**REQUIRED ACTION**
Within the data that follows, how many lines carry the string "CityJSON"? Give the number alone.

### RECORDS SHOWN ###

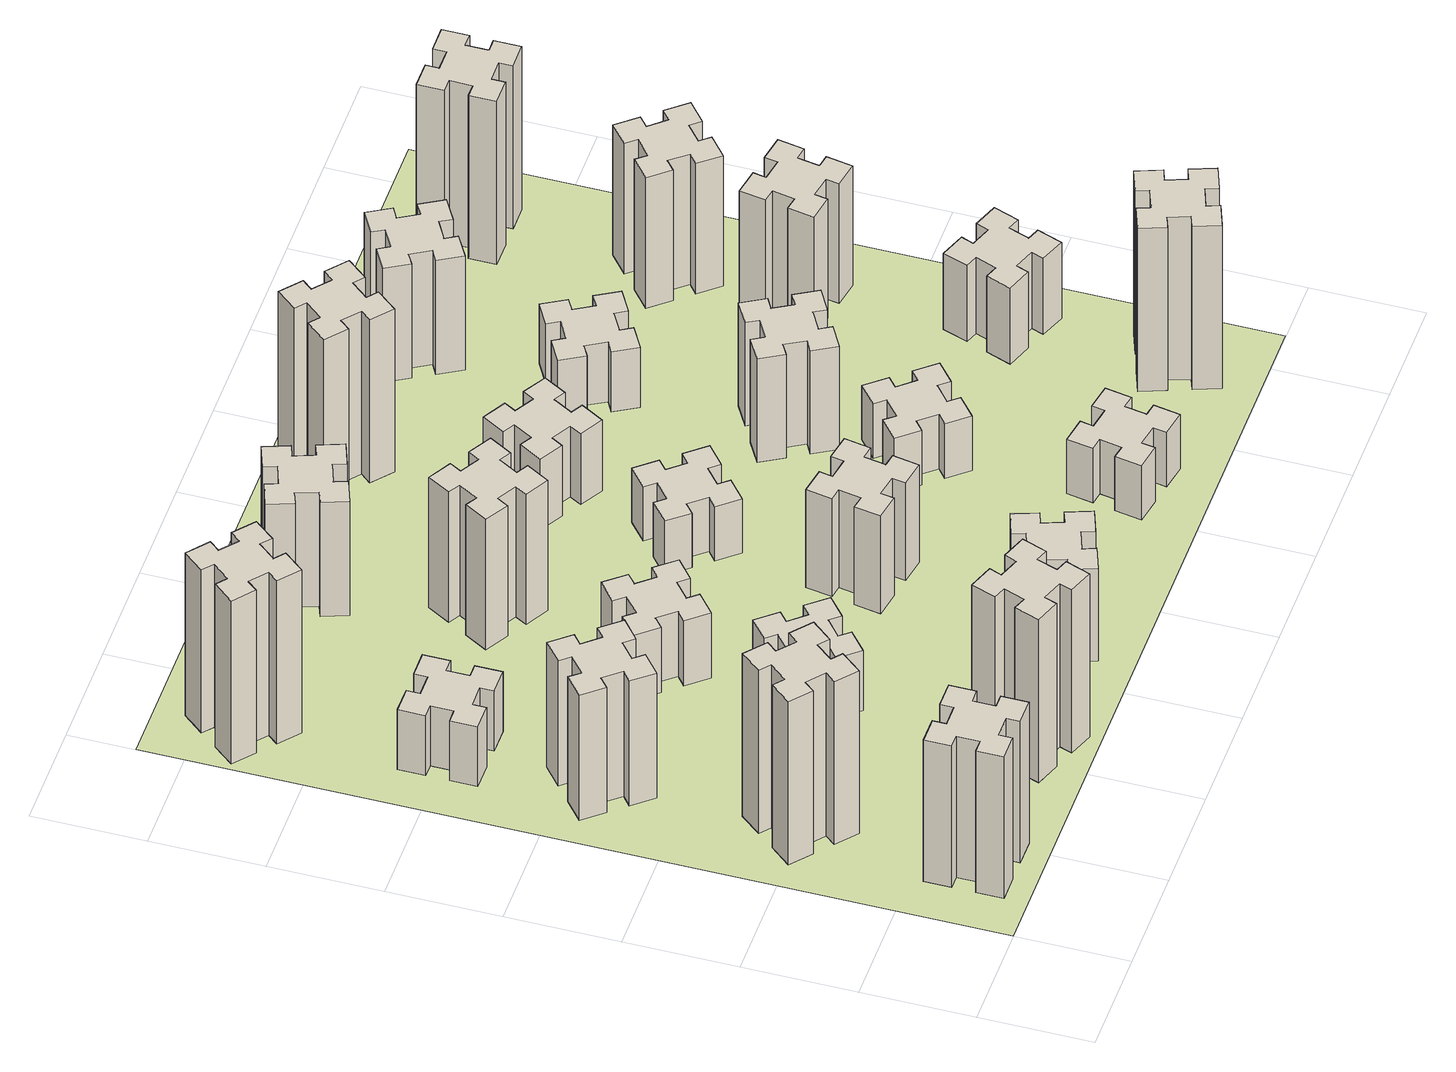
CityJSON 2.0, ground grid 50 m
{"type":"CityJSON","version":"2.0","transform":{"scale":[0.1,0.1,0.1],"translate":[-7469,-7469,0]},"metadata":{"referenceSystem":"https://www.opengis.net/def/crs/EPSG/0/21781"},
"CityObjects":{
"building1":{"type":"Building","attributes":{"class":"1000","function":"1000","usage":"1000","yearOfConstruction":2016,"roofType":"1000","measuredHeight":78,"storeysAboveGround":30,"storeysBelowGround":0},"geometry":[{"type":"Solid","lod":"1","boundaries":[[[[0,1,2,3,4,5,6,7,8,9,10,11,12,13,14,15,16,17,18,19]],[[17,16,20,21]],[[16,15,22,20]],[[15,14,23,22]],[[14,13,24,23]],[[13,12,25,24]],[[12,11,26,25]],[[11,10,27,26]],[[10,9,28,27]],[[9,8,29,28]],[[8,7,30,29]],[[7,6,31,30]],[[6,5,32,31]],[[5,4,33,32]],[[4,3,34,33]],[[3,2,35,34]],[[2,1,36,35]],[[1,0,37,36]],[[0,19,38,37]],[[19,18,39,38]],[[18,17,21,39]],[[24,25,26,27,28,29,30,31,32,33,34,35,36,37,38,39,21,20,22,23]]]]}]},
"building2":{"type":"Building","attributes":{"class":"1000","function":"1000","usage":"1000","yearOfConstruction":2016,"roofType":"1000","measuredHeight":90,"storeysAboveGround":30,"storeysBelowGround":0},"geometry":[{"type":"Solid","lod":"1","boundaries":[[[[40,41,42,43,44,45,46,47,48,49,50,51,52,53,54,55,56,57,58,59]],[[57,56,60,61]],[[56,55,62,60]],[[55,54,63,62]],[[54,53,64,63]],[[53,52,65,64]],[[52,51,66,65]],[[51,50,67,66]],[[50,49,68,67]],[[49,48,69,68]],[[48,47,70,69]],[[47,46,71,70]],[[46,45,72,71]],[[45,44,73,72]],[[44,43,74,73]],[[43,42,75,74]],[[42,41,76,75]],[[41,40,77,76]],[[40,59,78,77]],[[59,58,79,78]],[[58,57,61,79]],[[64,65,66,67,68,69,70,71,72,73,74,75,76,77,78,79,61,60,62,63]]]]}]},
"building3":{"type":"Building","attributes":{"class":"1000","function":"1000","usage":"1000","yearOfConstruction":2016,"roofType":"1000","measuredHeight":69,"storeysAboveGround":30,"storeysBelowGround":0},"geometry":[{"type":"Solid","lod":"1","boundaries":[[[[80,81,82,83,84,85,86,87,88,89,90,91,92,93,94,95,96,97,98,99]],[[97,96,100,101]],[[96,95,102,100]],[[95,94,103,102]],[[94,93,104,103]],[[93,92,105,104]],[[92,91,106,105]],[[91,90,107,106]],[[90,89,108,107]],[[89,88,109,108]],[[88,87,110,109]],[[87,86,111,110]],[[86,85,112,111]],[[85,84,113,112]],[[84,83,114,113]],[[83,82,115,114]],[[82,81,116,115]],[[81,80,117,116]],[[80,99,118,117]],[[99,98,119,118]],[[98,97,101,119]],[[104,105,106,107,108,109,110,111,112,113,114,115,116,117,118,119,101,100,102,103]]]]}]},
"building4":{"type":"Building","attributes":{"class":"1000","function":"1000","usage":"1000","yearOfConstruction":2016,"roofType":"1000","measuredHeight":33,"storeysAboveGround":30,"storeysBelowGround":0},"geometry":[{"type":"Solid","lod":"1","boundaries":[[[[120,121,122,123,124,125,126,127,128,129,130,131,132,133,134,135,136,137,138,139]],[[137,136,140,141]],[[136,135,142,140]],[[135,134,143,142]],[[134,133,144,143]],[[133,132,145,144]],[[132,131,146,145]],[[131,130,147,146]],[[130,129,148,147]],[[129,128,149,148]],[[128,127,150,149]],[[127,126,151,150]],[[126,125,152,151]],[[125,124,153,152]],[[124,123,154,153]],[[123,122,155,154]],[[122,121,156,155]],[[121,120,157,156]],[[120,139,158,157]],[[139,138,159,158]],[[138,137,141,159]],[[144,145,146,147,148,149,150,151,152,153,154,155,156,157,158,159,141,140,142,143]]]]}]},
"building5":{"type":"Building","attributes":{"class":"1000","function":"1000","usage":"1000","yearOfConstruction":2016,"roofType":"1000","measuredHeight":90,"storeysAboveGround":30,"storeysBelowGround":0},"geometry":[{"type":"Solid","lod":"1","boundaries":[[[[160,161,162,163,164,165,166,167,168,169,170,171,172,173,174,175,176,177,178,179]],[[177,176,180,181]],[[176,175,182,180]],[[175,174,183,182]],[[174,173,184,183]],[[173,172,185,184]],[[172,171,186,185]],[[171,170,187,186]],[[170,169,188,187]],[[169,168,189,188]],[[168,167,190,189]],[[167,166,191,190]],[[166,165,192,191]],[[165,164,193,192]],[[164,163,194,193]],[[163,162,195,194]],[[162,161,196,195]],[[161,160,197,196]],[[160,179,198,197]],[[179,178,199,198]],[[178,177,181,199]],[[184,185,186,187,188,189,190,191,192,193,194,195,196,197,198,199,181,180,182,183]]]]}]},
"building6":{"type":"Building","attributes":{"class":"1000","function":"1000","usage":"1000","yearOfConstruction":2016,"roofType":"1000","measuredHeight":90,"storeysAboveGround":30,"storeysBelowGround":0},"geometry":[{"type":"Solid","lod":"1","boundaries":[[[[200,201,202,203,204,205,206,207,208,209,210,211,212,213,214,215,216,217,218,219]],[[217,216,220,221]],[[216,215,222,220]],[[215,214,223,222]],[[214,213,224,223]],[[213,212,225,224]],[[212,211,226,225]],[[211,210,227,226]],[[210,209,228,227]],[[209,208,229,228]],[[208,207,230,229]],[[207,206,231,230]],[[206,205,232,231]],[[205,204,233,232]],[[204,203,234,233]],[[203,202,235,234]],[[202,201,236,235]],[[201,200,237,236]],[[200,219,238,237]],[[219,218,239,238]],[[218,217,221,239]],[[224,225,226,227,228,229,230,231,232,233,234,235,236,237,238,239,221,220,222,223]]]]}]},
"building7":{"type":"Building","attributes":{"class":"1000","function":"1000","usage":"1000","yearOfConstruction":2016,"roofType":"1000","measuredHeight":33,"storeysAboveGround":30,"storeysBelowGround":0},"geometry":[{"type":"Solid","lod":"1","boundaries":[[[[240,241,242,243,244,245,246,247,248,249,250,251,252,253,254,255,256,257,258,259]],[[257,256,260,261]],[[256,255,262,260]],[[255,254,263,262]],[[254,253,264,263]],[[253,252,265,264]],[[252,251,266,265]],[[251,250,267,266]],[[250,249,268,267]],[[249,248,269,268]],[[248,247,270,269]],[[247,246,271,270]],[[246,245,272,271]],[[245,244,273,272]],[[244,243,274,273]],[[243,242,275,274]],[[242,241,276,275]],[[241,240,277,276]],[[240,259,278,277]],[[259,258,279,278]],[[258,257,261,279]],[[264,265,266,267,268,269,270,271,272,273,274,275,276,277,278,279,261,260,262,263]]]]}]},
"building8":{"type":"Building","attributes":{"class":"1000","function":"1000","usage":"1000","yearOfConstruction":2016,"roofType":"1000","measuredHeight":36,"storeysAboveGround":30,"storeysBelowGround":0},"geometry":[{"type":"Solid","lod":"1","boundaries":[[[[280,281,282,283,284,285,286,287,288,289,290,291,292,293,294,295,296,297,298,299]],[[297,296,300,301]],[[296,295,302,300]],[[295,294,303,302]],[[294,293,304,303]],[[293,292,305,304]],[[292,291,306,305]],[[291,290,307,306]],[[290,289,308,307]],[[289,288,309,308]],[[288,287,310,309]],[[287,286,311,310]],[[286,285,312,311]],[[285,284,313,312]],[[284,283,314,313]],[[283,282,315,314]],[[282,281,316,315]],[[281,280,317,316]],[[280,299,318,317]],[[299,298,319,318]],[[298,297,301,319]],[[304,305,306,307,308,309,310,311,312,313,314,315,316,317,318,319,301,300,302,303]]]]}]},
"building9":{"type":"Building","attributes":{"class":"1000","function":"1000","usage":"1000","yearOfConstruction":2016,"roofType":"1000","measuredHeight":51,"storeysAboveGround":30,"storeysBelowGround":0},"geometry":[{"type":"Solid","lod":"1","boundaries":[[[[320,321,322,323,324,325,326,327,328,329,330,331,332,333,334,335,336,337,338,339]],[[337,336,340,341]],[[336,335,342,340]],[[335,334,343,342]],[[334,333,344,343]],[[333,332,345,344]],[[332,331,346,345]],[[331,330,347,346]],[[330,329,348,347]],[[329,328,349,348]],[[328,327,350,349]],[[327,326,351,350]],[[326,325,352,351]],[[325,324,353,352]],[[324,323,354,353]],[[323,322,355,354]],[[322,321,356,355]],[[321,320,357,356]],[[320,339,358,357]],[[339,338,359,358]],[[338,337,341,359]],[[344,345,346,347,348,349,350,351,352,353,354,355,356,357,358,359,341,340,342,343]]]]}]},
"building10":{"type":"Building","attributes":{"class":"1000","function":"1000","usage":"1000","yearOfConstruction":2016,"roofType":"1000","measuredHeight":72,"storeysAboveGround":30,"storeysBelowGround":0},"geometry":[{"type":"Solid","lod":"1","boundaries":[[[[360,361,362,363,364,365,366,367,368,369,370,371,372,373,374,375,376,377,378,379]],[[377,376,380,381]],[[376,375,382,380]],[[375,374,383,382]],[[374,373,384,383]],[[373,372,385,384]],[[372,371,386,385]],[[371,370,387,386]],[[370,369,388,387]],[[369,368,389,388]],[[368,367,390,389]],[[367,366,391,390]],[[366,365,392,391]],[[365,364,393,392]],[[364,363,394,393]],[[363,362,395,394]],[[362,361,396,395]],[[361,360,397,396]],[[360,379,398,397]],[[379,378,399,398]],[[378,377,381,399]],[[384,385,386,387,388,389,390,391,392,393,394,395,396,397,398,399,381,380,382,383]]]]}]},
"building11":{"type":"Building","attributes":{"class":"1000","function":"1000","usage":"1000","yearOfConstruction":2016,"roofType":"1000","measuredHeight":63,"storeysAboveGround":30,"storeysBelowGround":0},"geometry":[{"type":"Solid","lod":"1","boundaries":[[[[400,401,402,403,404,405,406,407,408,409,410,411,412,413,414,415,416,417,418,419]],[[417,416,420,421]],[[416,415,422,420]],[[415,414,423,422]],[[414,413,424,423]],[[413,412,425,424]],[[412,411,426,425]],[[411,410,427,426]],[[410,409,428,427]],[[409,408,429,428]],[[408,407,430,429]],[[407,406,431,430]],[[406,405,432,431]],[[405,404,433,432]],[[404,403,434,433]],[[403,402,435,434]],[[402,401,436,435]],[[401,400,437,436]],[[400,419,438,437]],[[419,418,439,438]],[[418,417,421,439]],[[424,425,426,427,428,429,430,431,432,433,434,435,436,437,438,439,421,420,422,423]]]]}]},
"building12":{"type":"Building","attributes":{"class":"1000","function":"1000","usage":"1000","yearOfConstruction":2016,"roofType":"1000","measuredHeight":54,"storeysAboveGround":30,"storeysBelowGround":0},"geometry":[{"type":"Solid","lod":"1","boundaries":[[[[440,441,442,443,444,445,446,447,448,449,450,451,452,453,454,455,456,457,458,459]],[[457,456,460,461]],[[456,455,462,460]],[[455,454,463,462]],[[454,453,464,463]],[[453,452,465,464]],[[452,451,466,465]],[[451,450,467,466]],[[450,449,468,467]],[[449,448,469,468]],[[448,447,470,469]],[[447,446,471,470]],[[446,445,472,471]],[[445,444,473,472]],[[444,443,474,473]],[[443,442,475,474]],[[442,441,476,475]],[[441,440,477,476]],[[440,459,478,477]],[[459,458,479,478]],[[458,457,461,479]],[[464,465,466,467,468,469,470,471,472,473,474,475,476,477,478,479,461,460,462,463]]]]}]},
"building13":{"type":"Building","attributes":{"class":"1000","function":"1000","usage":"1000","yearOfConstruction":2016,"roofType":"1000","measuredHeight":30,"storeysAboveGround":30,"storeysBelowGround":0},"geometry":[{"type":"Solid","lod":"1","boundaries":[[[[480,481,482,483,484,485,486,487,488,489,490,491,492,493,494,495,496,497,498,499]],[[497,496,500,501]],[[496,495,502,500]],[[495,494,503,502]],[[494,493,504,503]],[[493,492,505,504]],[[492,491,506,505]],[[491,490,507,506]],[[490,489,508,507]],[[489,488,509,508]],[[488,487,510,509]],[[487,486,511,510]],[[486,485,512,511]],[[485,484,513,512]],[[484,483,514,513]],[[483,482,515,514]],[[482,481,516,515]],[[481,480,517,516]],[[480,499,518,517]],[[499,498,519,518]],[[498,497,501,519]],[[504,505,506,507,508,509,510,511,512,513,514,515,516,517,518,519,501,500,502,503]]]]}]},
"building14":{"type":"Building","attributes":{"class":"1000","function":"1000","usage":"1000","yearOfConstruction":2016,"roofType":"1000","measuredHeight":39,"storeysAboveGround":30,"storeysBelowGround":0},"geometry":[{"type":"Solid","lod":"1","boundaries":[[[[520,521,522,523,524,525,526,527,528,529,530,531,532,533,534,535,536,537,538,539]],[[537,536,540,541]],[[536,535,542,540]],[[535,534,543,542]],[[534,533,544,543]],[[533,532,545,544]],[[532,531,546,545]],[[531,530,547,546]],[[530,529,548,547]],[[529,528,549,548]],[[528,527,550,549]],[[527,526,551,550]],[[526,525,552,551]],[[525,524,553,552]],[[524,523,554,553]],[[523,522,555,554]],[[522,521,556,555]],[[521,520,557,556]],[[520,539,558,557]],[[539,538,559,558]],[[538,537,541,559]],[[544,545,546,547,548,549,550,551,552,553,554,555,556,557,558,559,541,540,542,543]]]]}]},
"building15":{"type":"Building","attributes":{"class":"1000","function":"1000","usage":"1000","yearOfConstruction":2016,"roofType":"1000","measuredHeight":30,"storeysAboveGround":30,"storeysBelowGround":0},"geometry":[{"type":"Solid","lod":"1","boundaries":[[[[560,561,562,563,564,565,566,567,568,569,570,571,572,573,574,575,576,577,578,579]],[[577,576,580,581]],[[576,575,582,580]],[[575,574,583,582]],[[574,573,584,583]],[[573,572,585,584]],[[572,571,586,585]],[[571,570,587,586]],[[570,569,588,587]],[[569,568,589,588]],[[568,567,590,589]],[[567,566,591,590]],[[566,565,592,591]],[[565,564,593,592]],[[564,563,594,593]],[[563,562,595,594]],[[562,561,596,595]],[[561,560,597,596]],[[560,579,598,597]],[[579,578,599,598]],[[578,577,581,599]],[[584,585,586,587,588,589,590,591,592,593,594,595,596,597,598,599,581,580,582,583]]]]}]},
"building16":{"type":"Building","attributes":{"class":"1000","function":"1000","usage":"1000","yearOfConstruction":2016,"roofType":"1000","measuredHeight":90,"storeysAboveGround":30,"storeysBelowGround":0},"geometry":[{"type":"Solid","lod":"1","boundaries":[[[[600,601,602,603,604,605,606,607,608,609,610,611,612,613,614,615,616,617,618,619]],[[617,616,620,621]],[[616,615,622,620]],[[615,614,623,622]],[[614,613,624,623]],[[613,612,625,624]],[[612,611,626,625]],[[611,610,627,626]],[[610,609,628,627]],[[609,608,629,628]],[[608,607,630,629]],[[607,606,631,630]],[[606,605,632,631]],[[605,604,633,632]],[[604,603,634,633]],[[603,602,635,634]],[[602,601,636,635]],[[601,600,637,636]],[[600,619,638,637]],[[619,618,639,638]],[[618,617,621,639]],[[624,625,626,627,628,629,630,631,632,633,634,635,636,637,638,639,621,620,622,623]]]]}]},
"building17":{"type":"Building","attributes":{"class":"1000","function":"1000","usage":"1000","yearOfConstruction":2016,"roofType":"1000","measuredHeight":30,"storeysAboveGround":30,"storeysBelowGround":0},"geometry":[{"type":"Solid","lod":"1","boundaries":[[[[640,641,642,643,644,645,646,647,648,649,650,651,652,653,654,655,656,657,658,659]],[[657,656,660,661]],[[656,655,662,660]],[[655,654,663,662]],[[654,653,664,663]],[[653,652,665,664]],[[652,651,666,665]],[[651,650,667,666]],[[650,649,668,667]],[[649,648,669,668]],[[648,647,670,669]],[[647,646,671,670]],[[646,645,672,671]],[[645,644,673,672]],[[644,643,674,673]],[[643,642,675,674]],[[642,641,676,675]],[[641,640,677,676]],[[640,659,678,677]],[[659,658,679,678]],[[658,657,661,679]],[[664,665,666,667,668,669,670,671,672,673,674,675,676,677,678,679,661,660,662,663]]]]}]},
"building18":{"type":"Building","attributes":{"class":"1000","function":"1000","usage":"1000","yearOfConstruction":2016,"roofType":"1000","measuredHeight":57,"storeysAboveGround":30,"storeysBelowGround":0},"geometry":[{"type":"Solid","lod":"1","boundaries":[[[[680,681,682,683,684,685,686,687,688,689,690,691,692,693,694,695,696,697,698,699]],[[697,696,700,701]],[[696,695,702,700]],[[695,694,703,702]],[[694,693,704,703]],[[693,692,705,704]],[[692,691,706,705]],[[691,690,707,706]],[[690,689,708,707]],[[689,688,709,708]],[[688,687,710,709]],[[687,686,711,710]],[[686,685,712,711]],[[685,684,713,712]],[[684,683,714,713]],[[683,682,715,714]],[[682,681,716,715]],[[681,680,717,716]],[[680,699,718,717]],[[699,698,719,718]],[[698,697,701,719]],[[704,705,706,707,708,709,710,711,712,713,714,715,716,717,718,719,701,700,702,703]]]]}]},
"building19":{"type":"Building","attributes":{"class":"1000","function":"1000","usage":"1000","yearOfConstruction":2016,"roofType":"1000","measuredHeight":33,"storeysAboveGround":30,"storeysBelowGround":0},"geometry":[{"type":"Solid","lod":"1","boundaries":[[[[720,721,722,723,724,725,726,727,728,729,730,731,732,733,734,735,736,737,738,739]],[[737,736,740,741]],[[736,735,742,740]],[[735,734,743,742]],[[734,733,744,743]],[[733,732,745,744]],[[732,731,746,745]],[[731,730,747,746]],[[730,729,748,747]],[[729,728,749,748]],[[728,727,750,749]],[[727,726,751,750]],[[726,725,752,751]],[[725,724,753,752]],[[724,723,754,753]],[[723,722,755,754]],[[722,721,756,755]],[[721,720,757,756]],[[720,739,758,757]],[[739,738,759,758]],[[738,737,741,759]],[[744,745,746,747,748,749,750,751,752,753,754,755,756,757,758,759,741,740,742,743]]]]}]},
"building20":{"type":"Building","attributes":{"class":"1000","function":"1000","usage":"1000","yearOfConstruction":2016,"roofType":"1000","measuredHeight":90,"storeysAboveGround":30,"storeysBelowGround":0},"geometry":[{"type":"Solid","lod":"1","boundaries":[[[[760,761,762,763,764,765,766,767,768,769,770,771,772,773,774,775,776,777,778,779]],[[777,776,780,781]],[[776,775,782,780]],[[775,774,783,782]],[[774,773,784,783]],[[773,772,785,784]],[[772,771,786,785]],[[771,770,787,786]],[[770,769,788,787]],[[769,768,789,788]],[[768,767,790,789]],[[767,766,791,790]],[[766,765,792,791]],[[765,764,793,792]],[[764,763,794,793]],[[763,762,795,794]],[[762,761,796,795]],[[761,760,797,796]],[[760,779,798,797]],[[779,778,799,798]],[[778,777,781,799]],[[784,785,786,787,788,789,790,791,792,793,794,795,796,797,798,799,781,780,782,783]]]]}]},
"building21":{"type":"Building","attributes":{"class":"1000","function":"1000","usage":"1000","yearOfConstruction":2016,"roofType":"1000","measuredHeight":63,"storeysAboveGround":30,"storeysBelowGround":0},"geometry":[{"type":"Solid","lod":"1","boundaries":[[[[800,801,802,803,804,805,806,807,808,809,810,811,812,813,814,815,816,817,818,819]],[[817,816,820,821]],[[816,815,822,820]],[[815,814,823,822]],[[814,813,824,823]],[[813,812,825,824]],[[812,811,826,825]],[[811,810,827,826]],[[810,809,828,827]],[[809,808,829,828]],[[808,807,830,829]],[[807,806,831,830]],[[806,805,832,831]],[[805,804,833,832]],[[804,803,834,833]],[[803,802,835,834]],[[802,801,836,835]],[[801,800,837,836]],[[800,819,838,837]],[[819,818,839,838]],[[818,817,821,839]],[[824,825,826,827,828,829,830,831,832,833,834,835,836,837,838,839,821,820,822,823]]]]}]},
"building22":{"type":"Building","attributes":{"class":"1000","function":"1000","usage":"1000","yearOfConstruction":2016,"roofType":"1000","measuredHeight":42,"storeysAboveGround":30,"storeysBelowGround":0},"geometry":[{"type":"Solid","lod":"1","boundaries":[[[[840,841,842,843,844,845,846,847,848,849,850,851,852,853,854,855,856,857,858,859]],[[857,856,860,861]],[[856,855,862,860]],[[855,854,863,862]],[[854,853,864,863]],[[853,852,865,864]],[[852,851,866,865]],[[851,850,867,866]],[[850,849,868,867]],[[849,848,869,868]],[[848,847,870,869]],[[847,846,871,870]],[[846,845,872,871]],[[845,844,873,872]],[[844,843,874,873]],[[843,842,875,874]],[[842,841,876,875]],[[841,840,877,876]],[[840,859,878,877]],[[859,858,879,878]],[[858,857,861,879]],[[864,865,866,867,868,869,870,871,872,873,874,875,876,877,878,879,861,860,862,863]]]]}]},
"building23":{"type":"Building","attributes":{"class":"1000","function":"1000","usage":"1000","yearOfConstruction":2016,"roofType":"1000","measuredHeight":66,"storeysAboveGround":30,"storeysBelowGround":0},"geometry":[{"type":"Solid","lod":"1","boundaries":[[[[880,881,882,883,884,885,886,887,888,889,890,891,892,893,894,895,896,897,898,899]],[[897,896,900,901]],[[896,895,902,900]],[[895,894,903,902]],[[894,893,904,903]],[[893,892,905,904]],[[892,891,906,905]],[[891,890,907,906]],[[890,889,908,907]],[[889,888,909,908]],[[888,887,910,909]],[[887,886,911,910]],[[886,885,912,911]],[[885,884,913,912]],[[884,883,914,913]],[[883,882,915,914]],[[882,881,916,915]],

###

**THE COMPLETED TASK**
2